Computational Overheads

Beyond memory constraints, the computational overhead associated with running such a large model is substantial. The RTX 4090, while powerful, is primarily optimized for models up to several billion parameters. Scaling up to 671 billion parameters introduces immense computational demands that the GPU struggles to meet, resulting in low TPS despite quantization efforts.

Mixture-of-Experts (MoE) Complexity

The MoE architecture employed by DeepSeek V3 activates a significant subset of the total parameters per token. Specifically, activating 37 billion parameters per token intensifies the memory and processing requirements. This complexity further exacerbates the challenges of deploying the model on hardware with limited VRAM and computational capacity.

Potential Optimizations and Solutions

Advanced Quantization Techniques

Leveraging the highest levels of quantization, such as 4-bit quantization, can substantially reduce the memory footprint of DeepSeek V3 671B. This reduction makes it marginally more feasible to run the model on an RTX 4090. However, even with these optimizations, the TPS remains limited due to the inherent size of the model.

Framework Optimizations

Utilizing advanced inference frameworks like TensorRT-LLM or SGLang can optimize the model's performance on NVIDIA GPUs. These frameworks are designed to enhance the efficiency of large-scale models, potentially improving TPS. Nonetheless, the degree of improvement may not bridge the substantial performance gap posed by the RTX 4090’s hardware limitations.

Distributed Computing

To effectively run DeepSeek V3 671B, distributed computing across multiple high-end GPUs or specialized hardware setups is often necessary. Solutions like NVIDIA H200 GPU clusters are better suited for handling such immense models, offering the combined memory and computational power required to achieve meaningful TPS levels.

Comparative TPS Performance

To provide a clearer perspective on the expected TPS for DeepSeek V3 671B on an RTX 4090, the following table consolidates estimates from various sources:

Source	TPS Estimate	Quantization Level	Additional Notes
Source A	5–15 tokens/sec	4-bit	Well-optimized setup on RTX 4090
Source B	1–5 tokens/sec	4-bit	Heavily constrained by VRAM and compute limitations
Source C	N/A	4-bit	Experiences OOM errors even with multiple GPUs
Source D	Up to 5.37 tokens/sec	4-bit	Based on performance on an M4 Mac Mini cluster

This table illustrates that while quantization offers some improvements in TPS, the overall performance remains constrained by the RTX 4090’s hardware limitations.
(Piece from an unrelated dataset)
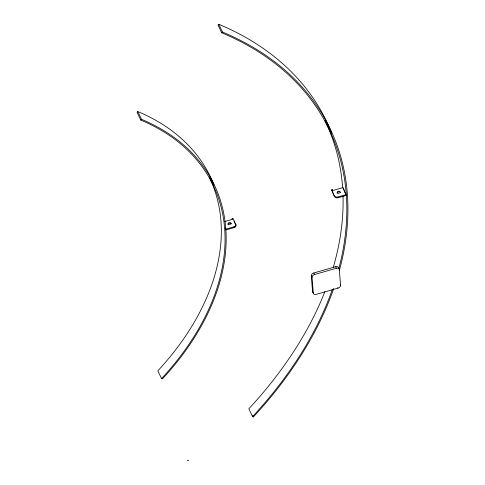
<?xml version="1.0" encoding="UTF-8"?>
<svg xmlns="http://www.w3.org/2000/svg" width="485" height="485" viewBox="0 0 485 485"><rect width="100%" height="100%" fill="white"/><g stroke="black" fill="none" stroke-linecap="round" stroke-linejoin="round"><path stroke-width="0.73" d="M188.035 460.265L188.028 460.344M187.834 460.489L187.956 460.562M137.795 111.562L137.067 112.35L140.808 120.116A265.495 176.613 -25.7 0 1 161.578 378.597L162.396 378.937A266.647 177.383 -25.7 0 0 141.529 119.328L137.795 111.562A266.647 177.383 -25.7 0 1 213.982 185.027M331.679 133.169A395.354 263.003 -25.7 0 0 218.717 24.25L217.989 25.032L221.73 32.798A394.202 262.233 -25.7 0 1 338.791 268.702M140.808 120.116L141.529 119.328M221.73 32.798L222.457 32.016L218.717 24.25M188.077 460.265L187.81 460.18M230.472 224.603L229.272 224.767M232.23 219.299L232.169 218.505L232.988 218.268L235.856 224.888A2.886 2.085 -4.6 0 1 234.061 227.617L225.883 229.957L225.21 227.895M331.655 189.962L332.474 189.732L332.849 190.508L342.931 187.61L346.363 195.394L338.184 197.741A2.886 2.085 -4.6 0 1 334.523 196.583L331.655 189.962L334.523 196.583M224.622 221.554L232.545 219.281L232.169 218.505M225.822 229.162L234 226.816A2.886 2.085 -4.6 0 0 235.789 224.094M334.462 195.788A2.886 2.085 -4.6 0 0 338.118 196.946L346.296 194.6M313.862 272.952L335.668 266.695A2.886 1.922 -25.7 0 1 338.554 267.902L339.3 269.454L340.579 285.35A2.886 1.922 -25.7 0 1 338.015 288.12L316.208 294.371A2.886 1.922 -25.7 0 1 313.322 293.17L312.576 291.618L311.297 275.722A2.886 1.922 -25.7 0 1 313.862 272.952L314.607 274.504A2.886 1.922 -25.7 0 0 312.043 277.274L313.322 293.17M314.607 274.504L336.414 268.253A2.886 1.922 -25.7 0 1 339.3 269.454M339.221 193.43L338.3 193.491M324.914 291.637A394.202 262.233 -25.7 0 1 248.835 408.825L252.576 416.591L253.394 416.93A395.354 263.003 -25.7 0 0 333.741 288.496M345.75 194.127L342.931 187.61M335.668 266.695L336.414 268.253M340.331 284.828L340.579 285.35M337.76 287.599L338.015 288.12M311.297 275.722L312.043 277.274M233.982 221.008L235.856 224.888M252.77 415.639L253.394 416.93M161.578 378.597L157.843 370.831A265.495 176.613 -25.7 0 0 209.502 177.595M338.118 196.946L338.184 197.741M337.239 193.188L337.202 192.794A1.588 1.146 -4.6 0 1 338.19 191.296A1.588 1.146 -4.6 0 1 340.203 191.933L340.27 192.727A1.588 1.146 -4.6 0 0 338.403 192.054A1.588 1.146 -4.6 0 0 337.196 193.369M332.474 189.732L332.54 190.526M234 226.816L234.061 227.617M228.168 224.646A1.588 1.146 -4.6 0 0 228.241 224.864L228.18 224.07A1.588 1.146 -4.6 0 1 229.162 222.573A1.588 1.146 -4.6 0 1 231.175 223.209L231.242 224.003A1.588 1.146 -4.6 0 0 229.526 223.306A1.588 1.146 -4.6 0 0 228.156 224.422M325.005 120.807A394.202 262.233 -25.7 0 1 342.628 187.774M343.034 196.346A394.202 262.233 -25.7 0 1 333.28 267.296M332.443 289.236A394.202 262.233 -25.7 0 1 252.576 416.591M222.457 32.016A395.354 263.003 -25.7 0 1 339.288 270.733M313.722 292.873A2.886 1.922 -25.7 0 1 313.268 292.685M312.91 292.4A2.886 1.922 -25.7 0 1 312.576 291.618"/></g></svg>

The variance across sources underscores the complexity of deploying such a large model on consumer-grade GPUs.

Conclusion

Deploying DeepSeek V3 671B on an NVIDIA RTX 4090, even with quantization, presents significant challenges primarily due to the model's immense size and the GPU's memory and computational constraints. While quantization techniques can marginally improve TPS, the achievable performance typically ranges between 1 to 15 tokens per second, depending on optimization levels and specific implementation details.

For practical and efficient deployment of DeepSeek V3 671B, especially in applications demanding higher TPS, specialized hardware configurations such as GPU clusters are advisable. These setups can provide the necessary memory bandwidth and VRAM to handle the model's requirements effectively, ensuring both speed and reliability in inference tasks.